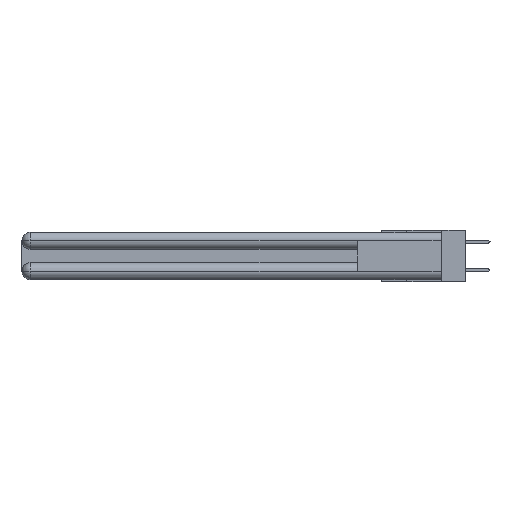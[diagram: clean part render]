
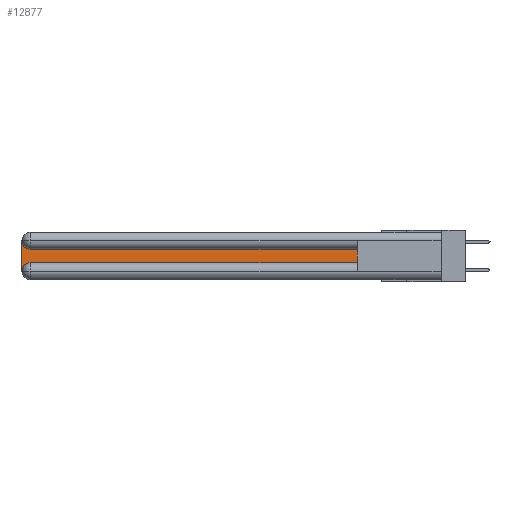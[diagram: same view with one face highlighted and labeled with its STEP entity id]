
A CAD part, left-side view. The second image highlights one B-rep face of the part: STEP entity #12877.
In plain terms, the highlighted planar face has unit normal (-1, 0, 0).
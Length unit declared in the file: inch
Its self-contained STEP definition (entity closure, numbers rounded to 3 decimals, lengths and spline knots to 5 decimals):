
#1071 = VECTOR ( 'NONE', #14225, 39.37008 ) ;
#2423 = VERTEX_POINT ( 'NONE', #5241 ) ;
#3035 = CARTESIAN_POINT ( 'NONE',  ( 0.075, 3., -0.2175 ) ) ;
#3132 = CARTESIAN_POINT ( 'NONE',  ( 0.075, 0.6, -0.1225 ) ) ;
#3883 = DIRECTION ( 'NONE',  ( 0., -1., 0. ) ) ;
#4013 = PLANE ( 'NONE',  #30621 ) ;
#4243 = CARTESIAN_POINT ( 'NONE',  ( 0.075, 3., -0.1225 ) ) ;
#5241 = CARTESIAN_POINT ( 'NONE',  ( 0.075, 2.94, -0.2175 ) ) ;
#5567 = DIRECTION ( 'NONE',  ( 0., 1., 0. ) ) ;
#5853 = VECTOR ( 'NONE', #3883, 39.37008 ) ;
#6509 = EDGE_CURVE ( 'NONE', #6659, #25001, #10513, .T. ) ;
#6583 = LINE ( 'NONE', #3132, #31858 ) ;
#6659 = VERTEX_POINT ( 'NONE', #8877 ) ;
#6664 = ORIENTED_EDGE ( 'NONE', *, *, #13919, .T. ) ;
#6723 = CARTESIAN_POINT ( 'NONE',  ( 0.075, 0.6, -0.2175 ) ) ;
#6961 = EDGE_CURVE ( 'NONE', #35763, #6659, #6583, .T. ) ;
#7673 = FACE_OUTER_BOUND ( 'NONE', #12315, .T. ) ;
#8060 = CARTESIAN_POINT ( 'NONE',  ( 0.075, 2.94, -0.2775 ) ) ;
#8877 = CARTESIAN_POINT ( 'NONE',  ( 0.075, 2.94, -0.1225 ) ) ;
#9551 = AXIS2_PLACEMENT_3D ( 'NONE', #8060, #22208, #33065 ) ;
#10513 = CIRCLE ( 'NONE', #19472, 0.06 ) ;
#11004 = CARTESIAN_POINT ( 'NONE',  ( 0.075, 3., -0.0625 ) ) ;
#11553 = EDGE_CURVE ( 'NONE', #16974, #2423, #21258, .T. ) ;
#12315 = EDGE_LOOP ( 'NONE', ( #23314, #16012, #18394, #28675, #6664, #20188 ) ) ;
#12877 = ADVANCED_FACE ( 'NONE', ( #7673 ), #4013, .F. ) ;
#13264 = EDGE_CURVE ( 'NONE', #25001, #16974, #23761, .T. ) ;
#13761 = DIRECTION ( 'NONE',  ( 0., 0., -1. ) ) ;
#13919 = EDGE_CURVE ( 'NONE', #2423, #18183, #16761, .T. ) ;
#14225 = DIRECTION ( 'NONE',  ( 0., 0., -1. ) ) ;
#14604 = CARTESIAN_POINT ( 'NONE',  ( 0.075, 0.6, -0.2175 ) ) ;
#14956 = DIRECTION ( 'NONE',  ( 0., 0., -1. ) ) ;
#15765 = CARTESIAN_POINT ( 'NONE',  ( 0.075, 3., -0.2775 ) ) ;
#16012 = ORIENTED_EDGE ( 'NONE', *, *, #6509, .T. ) ;
#16761 = LINE ( 'NONE', #14604, #5853 ) ;
#16974 = VERTEX_POINT ( 'NONE', #15765 ) ;
#18183 = VERTEX_POINT ( 'NONE', #24903 ) ;
#18394 = ORIENTED_EDGE ( 'NONE', *, *, #13264, .T. ) ;
#19472 = AXIS2_PLACEMENT_3D ( 'NONE', #27882, #19775, #13761 ) ;
#19494 = LINE ( 'NONE', #6723, #27745 ) ;
#19775 = DIRECTION ( 'NONE',  ( 1., 0., 0. ) ) ;
#20188 = ORIENTED_EDGE ( 'NONE', *, *, #22091, .T. ) ;
#20544 = DIRECTION ( 'NONE',  ( 0., 0., 1. ) ) ;
#21258 = CIRCLE ( 'NONE', #9551, 0.06 ) ;
#22091 = EDGE_CURVE ( 'NONE', #18183, #35763, #19494, .T. ) ;
#22208 = DIRECTION ( 'NONE',  ( 1., 0., 0. ) ) ;
#22410 = CARTESIAN_POINT ( 'NONE',  ( 0.075, 0.6, -0.1225 ) ) ;
#23245 = DIRECTION ( 'NONE',  ( 1., 0., 0. ) ) ;
#23314 = ORIENTED_EDGE ( 'NONE', *, *, #6961, .T. ) ;
#23761 = LINE ( 'NONE', #3035, #1071 ) ;
#24903 = CARTESIAN_POINT ( 'NONE',  ( 0.075, 0.6, -0.2175 ) ) ;
#25001 = VERTEX_POINT ( 'NONE', #11004 ) ;
#27745 = VECTOR ( 'NONE', #20544, 39.37008 ) ;
#27882 = CARTESIAN_POINT ( 'NONE',  ( 0.075, 2.94, -0.0625 ) ) ;
#28675 = ORIENTED_EDGE ( 'NONE', *, *, #11553, .T. ) ;
#30621 = AXIS2_PLACEMENT_3D ( 'NONE', #4243, #23245, #14956 ) ;
#31858 = VECTOR ( 'NONE', #5567, 39.37008 ) ;
#33065 = DIRECTION ( 'NONE',  ( 0., 0., -1. ) ) ;
#35763 = VERTEX_POINT ( 'NONE', #22410 ) ;
━━━━━━
Your goal. Wherever a line in the records above includes "unit", count it, then give the total and nothing besides.

Output for this task. 2